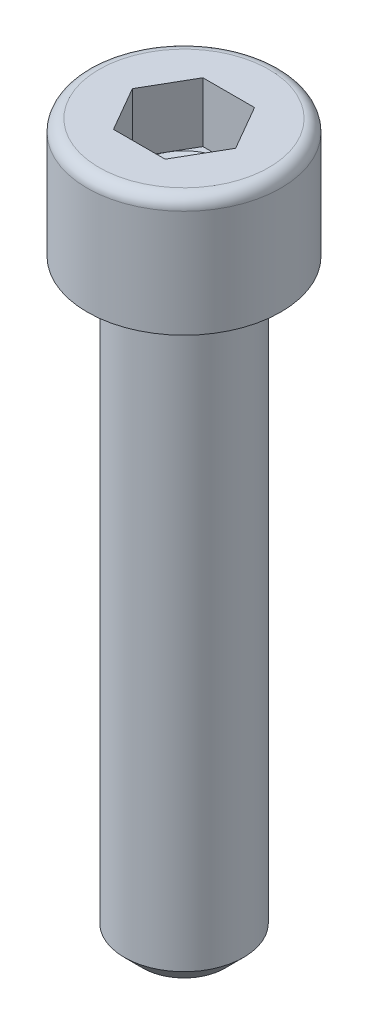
ISO-10303-21;
HEADER;
FILE_DESCRIPTION(('STEP AP214'),'2;1');
FILE_NAME('part.step','',(''),(''),'','','');
FILE_SCHEMA(('AUTOMOTIVE_DESIGN { 1 0 10303 214 1 1 1 1 }'));
ENDSEC;
DATA;
#1=APPLICATION_CONTEXT('core data for automotive mechanical design processes');
#2=APPLICATION_PROTOCOL_DEFINITION('international standard','automotive_design',2000,#1);
#3=PRODUCT_CONTEXT('',#1,'mechanical');
#4=PRODUCT('Part','Part','',(#3));
#5=PRODUCT_RELATED_PRODUCT_CATEGORY('part','',(#4));
#6=PRODUCT_DEFINITION_FORMATION('','',#4);
#7=PRODUCT_DEFINITION_CONTEXT('part definition',#1,'design');
#8=PRODUCT_DEFINITION('design','',#6,#7);
#9=PRODUCT_DEFINITION_SHAPE('','',#8);
#10=(LENGTH_UNIT() NAMED_UNIT(*) SI_UNIT(.MILLI.,.METRE.));
#11=(NAMED_UNIT(*) PLANE_ANGLE_UNIT() SI_UNIT($,.RADIAN.));
#12=(NAMED_UNIT(*) SI_UNIT($,.STERADIAN.) SOLID_ANGLE_UNIT());
#13=UNCERTAINTY_MEASURE_WITH_UNIT(LENGTH_MEASURE(1.E-05),#10,'distance_accuracy_value','');
#14=(GEOMETRIC_REPRESENTATION_CONTEXT(3) GLOBAL_UNCERTAINTY_ASSIGNED_CONTEXT((#13)) GLOBAL_UNIT_ASSIGNED_CONTEXT((#10,
#11,#12)) REPRESENTATION_CONTEXT('',''));
#15=CARTESIAN_POINT('',(0.,0.,0.));
#16=DIRECTION('',(0.,0.,1.));
#17=DIRECTION('',(1.,0.,0.));
#18=AXIS2_PLACEMENT_3D('',#15,#16,#17);
#19=CARTESIAN_POINT('',(3.,8.,0.));
#20=DIRECTION('',(0.,-1.,0.));
#21=DIRECTION('',(1.,0.,0.));
#22=AXIS2_PLACEMENT_3D('',#19,#20,#21);
#23=PLANE('',#22);
#24=CARTESIAN_POINT('',(0.,8.,0.));
#25=DIRECTION('',(0.,1.,0.));
#26=DIRECTION('',(-1.,0.,0.));
#27=AXIS2_PLACEMENT_3D('',#24,#25,#26);
#28=CIRCLE('',#27,5.7);
#29=CARTESIAN_POINT('',(-5.7,8.,0.));
#30=VERTEX_POINT('',#29);
#31=EDGE_CURVE('E139',#30,#30,#28,.T.);
#32=ORIENTED_EDGE('',*,*,#31,.T.);
#33=EDGE_LOOP('',(#32));
#34=FACE_BOUND('',#33,.T.);
#35=DIRECTION('',(0.499999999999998,0.,0.86602540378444));
#36=VECTOR('',#35,1.);
#37=CARTESIAN_POINT('',(1.73205080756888,8.,-3.));
#38=LINE('',#37,#36);
#39=CARTESIAN_POINT('',(1.73205080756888,8.,-3.));
#40=VERTEX_POINT('',#39);
#41=CARTESIAN_POINT('',(3.46410161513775,8.,0.));
#42=VERTEX_POINT('',#41);
#43=EDGE_CURVE('E371',#40,#42,#38,.T.);
#44=ORIENTED_EDGE('',*,*,#43,.T.);
#45=DIRECTION('',(-0.499999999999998,0.,0.86602540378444));
#46=VECTOR('',#45,1.);
#47=CARTESIAN_POINT('',(1.73205080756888,8.,3.));
#48=LINE('',#47,#46);
#49=CARTESIAN_POINT('',(1.73205080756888,8.,3.));
#50=VERTEX_POINT('',#49);
#51=EDGE_CURVE('E374',#42,#50,#48,.T.);
#52=ORIENTED_EDGE('',*,*,#51,.T.);
#53=DIRECTION('',(-1.,0.,0.));
#54=VECTOR('',#53,1.);
#55=CARTESIAN_POINT('',(1.73205080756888,8.,3.));
#56=LINE('',#55,#54);
#57=CARTESIAN_POINT('',(-1.73205080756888,8.,3.));
#58=VERTEX_POINT('',#57);
#59=EDGE_CURVE('E377',#50,#58,#56,.T.);
#60=ORIENTED_EDGE('',*,*,#59,.T.);
#61=DIRECTION('',(-0.499999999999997,0.,-0.86602540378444));
#62=VECTOR('',#61,1.);
#63=CARTESIAN_POINT('',(-1.73205080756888,8.,3.));
#64=LINE('',#63,#62);
#65=CARTESIAN_POINT('',(-3.46410161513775,8.,0.));
#66=VERTEX_POINT('',#65);
#67=EDGE_CURVE('E116',#58,#66,#64,.T.);
#68=ORIENTED_EDGE('',*,*,#67,.T.);
#69=DIRECTION('',(0.499999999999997,0.,-0.86602540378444));
#70=VECTOR('',#69,1.);
#71=CARTESIAN_POINT('',(-1.73205080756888,8.,-3.));
#72=LINE('',#71,#70);
#73=CARTESIAN_POINT('',(-1.73205080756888,8.,-3.));
#74=VERTEX_POINT('',#73);
#75=EDGE_CURVE('E368',#66,#74,#72,.T.);
#76=ORIENTED_EDGE('',*,*,#75,.T.);
#77=DIRECTION('',(1.,0.,0.));
#78=VECTOR('',#77,1.);
#79=CARTESIAN_POINT('',(1.73205080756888,8.,-3.));
#80=LINE('',#79,#78);
#81=EDGE_CURVE('E127',#74,#40,#80,.T.);
#82=ORIENTED_EDGE('',*,*,#81,.T.);
#83=EDGE_LOOP('',(#44,#52,#60,#68,#76,#82));
#84=FACE_BOUND('',#83,.T.);
#85=ADVANCED_FACE('F33',(#34,#84),#23,.F.);
#86=CARTESIAN_POINT('',(0.,-40.,0.));
#87=DIRECTION('',(0.,1.,0.));
#88=DIRECTION('',(0.,0.,1.));
#89=AXIS2_PLACEMENT_3D('',#86,#87,#88);
#90=CYLINDRICAL_SURFACE('',#89,4.);
#91=CARTESIAN_POINT('',(0.,-38.75,0.));
#92=DIRECTION('',(0.,1.,0.));
#93=DIRECTION('',(0.,0.,1.));
#94=AXIS2_PLACEMENT_3D('',#91,#92,#93);
#95=CIRCLE('',#94,4.);
#96=CARTESIAN_POINT('',(0.,-38.75,4.));
#97=VERTEX_POINT('',#96);
#98=EDGE_CURVE('E41',#97,#97,#95,.T.);
#99=ORIENTED_EDGE('',*,*,#98,.T.);
#100=EDGE_LOOP('',(#99));
#101=FACE_BOUND('',#100,.T.);
#102=CARTESIAN_POINT('',(0.,0.,0.));
#103=DIRECTION('',(0.,1.,0.));
#104=DIRECTION('',(0.,0.,1.));
#105=AXIS2_PLACEMENT_3D('',#102,#103,#104);
#106=CIRCLE('',#105,4.);
#107=CARTESIAN_POINT('',(0.,0.,4.));
#108=VERTEX_POINT('',#107);
#109=EDGE_CURVE('E149',#108,#108,#106,.T.);
#110=ORIENTED_EDGE('',*,*,#109,.F.);
#111=EDGE_LOOP('',(#110));
#112=FACE_BOUND('',#111,.T.);
#113=ADVANCED_FACE('F154',(#101,#112),#90,.T.);
#114=CARTESIAN_POINT('',(0.,-40.,0.));
#115=DIRECTION('',(0.,1.,0.));
#116=DIRECTION('',(0.,0.,1.));
#117=AXIS2_PLACEMENT_3D('',#114,#115,#116);
#118=PLANE('',#117);
#119=CARTESIAN_POINT('',(0.,-40.,0.));
#120=DIRECTION('',(0.,1.,0.));
#121=DIRECTION('',(0.,0.,1.));
#122=AXIS2_PLACEMENT_3D('',#119,#120,#121);
#123=CIRCLE('',#122,2.74999999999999);
#124=CARTESIAN_POINT('',(0.,-40.,2.74999999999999));
#125=VERTEX_POINT('',#124);
#126=EDGE_CURVE('E11',#125,#125,#123,.F.);
#127=ORIENTED_EDGE('',*,*,#126,.T.);
#128=EDGE_LOOP('',(#127));
#129=FACE_BOUND('',#128,.T.);
#130=ADVANCED_FACE('F159',(#129),#118,.F.);
#131=CARTESIAN_POINT('',(0.,-38.75,0.));
#132=DIRECTION('',(0.,1.,0.));
#133=DIRECTION('',(0.,0.,1.));
#134=AXIS2_PLACEMENT_3D('',#131,#132,#133);
#135=CONICAL_SURFACE('',#134,4.,0.785398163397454);
#136=ORIENTED_EDGE('',*,*,#126,.F.);
#137=EDGE_LOOP('',(#136));
#138=FACE_BOUND('',#137,.T.);
#139=ORIENTED_EDGE('',*,*,#98,.F.);
#140=EDGE_LOOP('',(#139));
#141=FACE_BOUND('',#140,.T.);
#142=ADVANCED_FACE('F35',(#138,#141),#135,.T.);
#143=CARTESIAN_POINT('',(0.,0.,0.));
#144=DIRECTION('',(0.,1.,0.));
#145=DIRECTION('',(-1.,0.,0.));
#146=AXIS2_PLACEMENT_3D('',#143,#144,#145);
#147=PLANE('',#146);
#148=ORIENTED_EDGE('',*,*,#109,.T.);
#149=EDGE_LOOP('',(#148));
#150=FACE_BOUND('',#149,.T.);
#151=CARTESIAN_POINT('',(0.,0.,0.));
#152=DIRECTION('',(0.,1.,0.));
#153=DIRECTION('',(-1.,0.,0.));
#154=AXIS2_PLACEMENT_3D('',#151,#152,#153);
#155=CIRCLE('',#154,6.5);
#156=CARTESIAN_POINT('',(-6.5,0.,0.));
#157=VERTEX_POINT('',#156);
#158=EDGE_CURVE('E146',#157,#157,#155,.T.);
#159=ORIENTED_EDGE('',*,*,#158,.F.);
#160=EDGE_LOOP('',(#159));
#161=FACE_BOUND('',#160,.T.);
#162=ADVANCED_FACE('F158',(#150,#161),#147,.F.);
#163=CARTESIAN_POINT('',(0.,8.,0.));
#164=DIRECTION('',(0.,1.,0.));
#165=DIRECTION('',(-1.,0.,0.));
#166=AXIS2_PLACEMENT_3D('',#163,#164,#165);
#167=CYLINDRICAL_SURFACE('',#166,6.5);
#168=CARTESIAN_POINT('',(0.,7.2,0.));
#169=DIRECTION('',(0.,1.,0.));
#170=DIRECTION('',(-1.,0.,0.));
#171=AXIS2_PLACEMENT_3D('',#168,#169,#170);
#172=CIRCLE('',#171,6.5);
#173=CARTESIAN_POINT('',(-6.5,7.2,0.));
#174=VERTEX_POINT('',#173);
#175=EDGE_CURVE('E143',#174,#174,#172,.T.);
#176=ORIENTED_EDGE('',*,*,#175,.F.);
#177=EDGE_LOOP('',(#176));
#178=FACE_BOUND('',#177,.T.);
#179=ORIENTED_EDGE('',*,*,#158,.T.);
#180=EDGE_LOOP('',(#179));
#181=FACE_BOUND('',#180,.T.);
#182=ADVANCED_FACE('F165',(#178,#181),#167,.T.);
#183=CARTESIAN_POINT('',(0.,7.2,0.));
#184=DIRECTION('',(0.,1.,0.));
#185=DIRECTION('',(-1.,0.,0.));
#186=AXIS2_PLACEMENT_3D('',#183,#184,#185);
#187=TOROIDAL_SURFACE('',#186,5.7,0.8);
#188=ORIENTED_EDGE('',*,*,#31,.F.);
#189=EDGE_LOOP('',(#188));
#190=FACE_BOUND('',#189,.T.);
#191=ORIENTED_EDGE('',*,*,#175,.T.);
#192=EDGE_LOOP('',(#191));
#193=FACE_BOUND('',#192,.T.);
#194=ADVANCED_FACE('F182',(#190,#193),#187,.T.);
#195=CARTESIAN_POINT('',(-1.73205080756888,4.,-3.));
#196=DIRECTION('',(0.86602540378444,0.,0.499999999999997));
#197=DIRECTION('',(0.499999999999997,0.,-0.86602540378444));
#198=AXIS2_PLACEMENT_3D('',#195,#196,#197);
#199=PLANE('',#198);
#200=ORIENTED_EDGE('',*,*,#75,.F.);
#201=DIRECTION('',(0.,1.,0.));
#202=VECTOR('',#201,1.);
#203=CARTESIAN_POINT('',(-3.46410161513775,4.,0.));
#204=LINE('',#203,#202);
#205=CARTESIAN_POINT('',(-3.46410161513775,4.,0.));
#206=VERTEX_POINT('',#205);
#207=EDGE_CURVE('E363',#206,#66,#204,.T.);
#208=ORIENTED_EDGE('',*,*,#207,.F.);
#209=DIRECTION('',(0.499999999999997,0.,-0.86602540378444));
#210=VECTOR('',#209,1.);
#211=CARTESIAN_POINT('',(-1.73205080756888,4.,-3.));
#212=LINE('',#211,#210);
#213=CARTESIAN_POINT('',(-2.59807621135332,4.,-1.49999999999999));
#214=VERTEX_POINT('',#213);
#215=EDGE_CURVE('E112',#206,#214,#212,.T.);
#216=ORIENTED_EDGE('',*,*,#215,.T.);
#217=CARTESIAN_POINT('',(-1.73205080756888,4.,-3.));
#218=VERTEX_POINT('',#217);
#219=EDGE_CURVE('E106',#214,#218,#212,.T.);
#220=ORIENTED_EDGE('',*,*,#219,.T.);
#221=DIRECTION('',(0.,1.,0.));
#222=VECTOR('',#221,1.);
#223=CARTESIAN_POINT('',(-1.73205080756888,4.,-3.));
#224=LINE('',#223,#222);
#225=EDGE_CURVE('E108',#218,#74,#224,.T.);
#226=ORIENTED_EDGE('',*,*,#225,.T.);
#227=EDGE_LOOP('',(#200,#208,#216,#220,#226));
#228=FACE_BOUND('',#227,.T.);
#229=ADVANCED_FACE('F107',(#228),#199,.T.);
#230=CARTESIAN_POINT('',(1.73205080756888,4.,-3.));
#231=DIRECTION('',(0.,0.,1.));
#232=DIRECTION('',(1.,0.,0.));
#233=AXIS2_PLACEMENT_3D('',#230,#231,#232);
#234=PLANE('',#233);
#235=ORIENTED_EDGE('',*,*,#81,.F.);
#236=ORIENTED_EDGE('',*,*,#225,.F.);
#237=DIRECTION('',(1.,0.,0.));
#238=VECTOR('',#237,1.);
#239=CARTESIAN_POINT('',(1.73205080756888,4.,-3.));
#240=LINE('',#239,#238);
#241=CARTESIAN_POINT('',(0.,4.,-3.));
#242=VERTEX_POINT('',#241);
#243=EDGE_CURVE('E48',#218,#242,#240,.T.);
#244=ORIENTED_EDGE('',*,*,#243,.T.);
#245=CARTESIAN_POINT('',(1.73205080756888,4.,-3.));
#246=VERTEX_POINT('',#245);
#247=EDGE_CURVE('E122',#242,#246,#240,.T.);
#248=ORIENTED_EDGE('',*,*,#247,.T.);
#249=DIRECTION('',(0.,1.,0.));
#250=VECTOR('',#249,1.);
#251=CARTESIAN_POINT('',(1.73205080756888,4.,-3.));
#252=LINE('',#251,#250);
#253=EDGE_CURVE('E129',#246,#40,#252,.T.);
#254=ORIENTED_EDGE('',*,*,#253,.T.);
#255=EDGE_LOOP('',(#235,#236,#244,#248,#254));
#256=FACE_BOUND('',#255,.T.);
#257=ADVANCED_FACE('F124',(#256),#234,.T.);
#258=CARTESIAN_POINT('',(1.73205080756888,4.,-3.));
#259=DIRECTION('',(-0.86602540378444,0.,0.499999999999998));
#260=DIRECTION('',(0.499999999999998,0.,0.86602540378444));
#261=AXIS2_PLACEMENT_3D('',#258,#259,#260);
#262=PLANE('',#261);
#263=ORIENTED_EDGE('',*,*,#43,.F.);
#264=ORIENTED_EDGE('',*,*,#253,.F.);
#265=DIRECTION('',(0.499999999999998,0.,0.86602540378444));
#266=VECTOR('',#265,1.);
#267=CARTESIAN_POINT('',(1.73205080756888,4.,-3.));
#268=LINE('',#267,#266);
#269=CARTESIAN_POINT('',(2.59807621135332,4.,-1.49999999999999));
#270=VERTEX_POINT('',#269);
#271=EDGE_CURVE('E396',#246,#270,#268,.T.);
#272=ORIENTED_EDGE('',*,*,#271,.T.);
#273=CARTESIAN_POINT('',(3.46410161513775,4.,0.));
#274=VERTEX_POINT('',#273);
#275=EDGE_CURVE('E121',#270,#274,#268,.T.);
#276=ORIENTED_EDGE('',*,*,#275,.T.);
#277=DIRECTION('',(0.,1.,0.));
#278=VECTOR('',#277,1.);
#279=CARTESIAN_POINT('',(3.46410161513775,4.,0.));
#280=LINE('',#279,#278);
#281=EDGE_CURVE('E134',#274,#42,#280,.T.);
#282=ORIENTED_EDGE('',*,*,#281,.T.);
#283=EDGE_LOOP('',(#263,#264,#272,#276,#282));
#284=FACE_BOUND('',#283,.T.);
#285=ADVANCED_FACE('F212',(#284),#262,.T.);
#286=CARTESIAN_POINT('',(1.73205080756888,4.,3.));
#287=DIRECTION('',(-0.86602540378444,0.,-0.499999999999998));
#288=DIRECTION('',(-0.499999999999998,0.,0.86602540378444));
#289=AXIS2_PLACEMENT_3D('',#286,#287,#288);
#290=PLANE('',#289);
#291=ORIENTED_EDGE('',*,*,#51,.F.);
#292=ORIENTED_EDGE('',*,*,#281,.F.);
#293=DIRECTION('',(-0.499999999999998,0.,0.86602540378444));
#294=VECTOR('',#293,1.);
#295=CARTESIAN_POINT('',(1.73205080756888,4.,3.));
#296=LINE('',#295,#294);
#297=CARTESIAN_POINT('',(2.59807621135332,4.,1.49999999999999));
#298=VERTEX_POINT('',#297);
#299=EDGE_CURVE('E394',#274,#298,#296,.T.);
#300=ORIENTED_EDGE('',*,*,#299,.T.);
#301=CARTESIAN_POINT('',(1.73205080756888,4.,3.));
#302=VERTEX_POINT('',#301);
#303=EDGE_CURVE('E395',#298,#302,#296,.T.);
#304=ORIENTED_EDGE('',*,*,#303,.T.);
#305=DIRECTION('',(0.,1.,0.));
#306=VECTOR('',#305,1.);
#307=CARTESIAN_POINT('',(1.73205080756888,4.,3.));
#308=LINE('',#307,#306);
#309=EDGE_CURVE('E383',#302,#50,#308,.T.);
#310=ORIENTED_EDGE('',*,*,#309,.T.);
#311=EDGE_LOOP('',(#291,#292,#300,#304,#310));
#312=FACE_BOUND('',#311,.T.);
#313=ADVANCED_FACE('F219',(#312),#290,.T.);
#314=CARTESIAN_POINT('',(1.73205080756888,4.,3.));
#315=DIRECTION('',(0.,0.,-1.));
#316=DIRECTION('',(-1.,0.,0.));
#317=AXIS2_PLACEMENT_3D('',#314,#315,#316);
#318=PLANE('',#317);
#319=ORIENTED_EDGE('',*,*,#59,.F.);
#320=ORIENTED_EDGE('',*,*,#309,.F.);
#321=DIRECTION('',(-1.,0.,0.));
#322=VECTOR('',#321,1.);
#323=CARTESIAN_POINT('',(1.73205080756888,4.,3.));
#324=LINE('',#323,#322);
#325=CARTESIAN_POINT('',(0.,4.,3.));
#326=VERTEX_POINT('',#325);
#327=EDGE_CURVE('E358',#302,#326,#324,.T.);
#328=ORIENTED_EDGE('',*,*,#327,.T.);
#329=CARTESIAN_POINT('',(-1.73205080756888,4.,3.));
#330=VERTEX_POINT('',#329);
#331=EDGE_CURVE('E354',#326,#330,#324,.T.);
#332=ORIENTED_EDGE('',*,*,#331,.T.);
#333=DIRECTION('',(0.,1.,0.));
#334=VECTOR('',#333,1.);
#335=CARTESIAN_POINT('',(-1.73205080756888,4.,3.));
#336=LINE('',#335,#334);
#337=EDGE_CURVE('E362',#330,#58,#336,.T.);
#338=ORIENTED_EDGE('',*,*,#337,.T.);
#339=EDGE_LOOP('',(#319,#320,#328,#332,#338));
#340=FACE_BOUND('',#339,.T.);
#341=ADVANCED_FACE('F227',(#340),#318,.T.);
#342=CARTESIAN_POINT('',(-1.73205080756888,4.,3.));
#343=DIRECTION('',(0.86602540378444,0.,-0.499999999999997));
#344=DIRECTION('',(-0.499999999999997,0.,-0.86602540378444));
#345=AXIS2_PLACEMENT_3D('',#342,#343,#344);
#346=PLANE('',#345);
#347=ORIENTED_EDGE('',*,*,#67,.F.);
#348=ORIENTED_EDGE('',*,*,#337,.F.);
#349=DIRECTION('',(-0.499999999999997,0.,-0.86602540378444));
#350=VECTOR('',#349,1.);
#351=CARTESIAN_POINT('',(-1.73205080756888,4.,3.));
#352=LINE('',#351,#350);
#353=CARTESIAN_POINT('',(-2.59807621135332,4.,1.49999999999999));
#354=VERTEX_POINT('',#353);
#355=EDGE_CURVE('E353',#330,#354,#352,.T.);
#356=ORIENTED_EDGE('',*,*,#355,.T.);
#357=EDGE_CURVE('E356',#354,#206,#352,.T.);
#358=ORIENTED_EDGE('',*,*,#357,.T.);
#359=ORIENTED_EDGE('',*,*,#207,.T.);
#360=EDGE_LOOP('',(#347,#348,#356,#358,#359));
#361=FACE_BOUND('',#360,.T.);
#362=ADVANCED_FACE('F235',(#361),#346,.T.);
#363=CARTESIAN_POINT('',(-5.19615242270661,4.,3.));
#364=DIRECTION('',(0.,-1.,0.));
#365=DIRECTION('',(0.,0.,-1.));
#366=AXIS2_PLACEMENT_3D('',#363,#364,#365);
#367=PLANE('',#366);
#368=ORIENTED_EDGE('',*,*,#243,.F.);
#369=ORIENTED_EDGE('',*,*,#219,.F.);
#370=CARTESIAN_POINT('',(0.,4.,0.));
#371=DIRECTION('',(0.,1.,0.));
#372=DIRECTION('',(-1.,0.,0.));
#373=AXIS2_PLACEMENT_3D('',#370,#371,#372);
#374=CIRCLE('',#373,3.);
#375=EDGE_CURVE('E119',#242,#214,#374,.T.);
#376=ORIENTED_EDGE('',*,*,#375,.F.);
#377=EDGE_LOOP('',(#368,#369,#376));
#378=FACE_BOUND('',#377,.T.);
#379=ADVANCED_FACE('F118',(#378),#367,.F.);
#380=ORIENTED_EDGE('',*,*,#215,.F.);
#381=ORIENTED_EDGE('',*,*,#357,.F.);
#382=EDGE_CURVE('E128',#214,#354,#374,.T.);
#383=ORIENTED_EDGE('',*,*,#382,.F.);
#384=EDGE_LOOP('',(#380,#381,#383));
#385=FACE_BOUND('',#384,.T.);
#386=ADVANCED_FACE('F250',(#385),#367,.F.);
#387=ORIENTED_EDGE('',*,*,#355,.F.);
#388=ORIENTED_EDGE('',*,*,#331,.F.);
#389=EDGE_CURVE('E133',#354,#326,#374,.T.);
#390=ORIENTED_EDGE('',*,*,#389,.F.);
#391=EDGE_LOOP('',(#387,#388,#390));
#392=FACE_BOUND('',#391,.T.);
#393=ADVANCED_FACE('F258',(#392),#367,.F.);
#394=ORIENTED_EDGE('',*,*,#327,.F.);
#395=ORIENTED_EDGE('',*,*,#303,.F.);
#396=EDGE_CURVE('E140',#326,#298,#374,.T.);
#397=ORIENTED_EDGE('',*,*,#396,.F.);
#398=EDGE_LOOP('',(#394,#395,#397));
#399=FACE_BOUND('',#398,.T.);
#400=ADVANCED_FACE('F265',(#399),#367,.F.);
#401=ORIENTED_EDGE('',*,*,#299,.F.);
#402=ORIENTED_EDGE('',*,*,#275,.F.);
#403=EDGE_CURVE('E400',#298,#270,#374,.T.);
#404=ORIENTED_EDGE('',*,*,#403,.F.);
#405=EDGE_LOOP('',(#401,#402,#404));
#406=FACE_BOUND('',#405,.T.);
#407=ADVANCED_FACE('F272',(#406),#367,.F.);
#408=ORIENTED_EDGE('',*,*,#271,.F.);
#409=ORIENTED_EDGE('',*,*,#247,.F.);
#410=EDGE_CURVE('E399',#270,#242,#374,.T.);
#411=ORIENTED_EDGE('',*,*,#410,.F.);
#412=EDGE_LOOP('',(#408,#409,#411));
#413=FACE_BOUND('',#412,.T.);
#414=ADVANCED_FACE('F252',(#413),#367,.F.);
#415=CARTESIAN_POINT('',(0.,4.,0.));
#416=DIRECTION('',(0.,1.,0.));
#417=DIRECTION('',(-1.,0.,0.));
#418=AXIS2_PLACEMENT_3D('',#415,#416,#417);
#419=CONICAL_SURFACE('',#418,3.,1.04719755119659);
#420=CARTESIAN_POINT('',(0.,2.2679491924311,0.));
#421=VERTEX_POINT('',#420);
#422=VERTEX_LOOP('',#421);
#423=FACE_BOUND('',#422,.T.);
#424=ORIENTED_EDGE('',*,*,#389,.T.);
#425=ORIENTED_EDGE('',*,*,#396,.T.);
#426=ORIENTED_EDGE('',*,*,#403,.T.);
#427=ORIENTED_EDGE('',*,*,#410,.T.);
#428=ORIENTED_EDGE('',*,*,#375,.T.);
#429=ORIENTED_EDGE('',*,*,#382,.T.);
#430=EDGE_LOOP('',(#424,#425,#426,#427,#428,#429));
#431=FACE_BOUND('',#430,.T.);
#432=ADVANCED_FACE('F180',(#423,#431),#419,.F.);
#433=CLOSED_SHELL('',(#85,#113,#130,#142,#162,#182,#194,#229,#257,#285,#313,#341,#362,#379,#386,
#393,#400,#407,#414,#432));
#434=MANIFOLD_SOLID_BREP('B2',#433);
#435=ADVANCED_BREP_SHAPE_REPRESENTATION('',(#18,#434),#14);
#436=SHAPE_DEFINITION_REPRESENTATION(#9,#435);
ENDSEC;
END-ISO-10303-21;

■ ASSIGNMENT ■
A single figure is required: the number of lines in the entries above that include the word "mechanical".

■ PROBLEM SOLUTION ■
2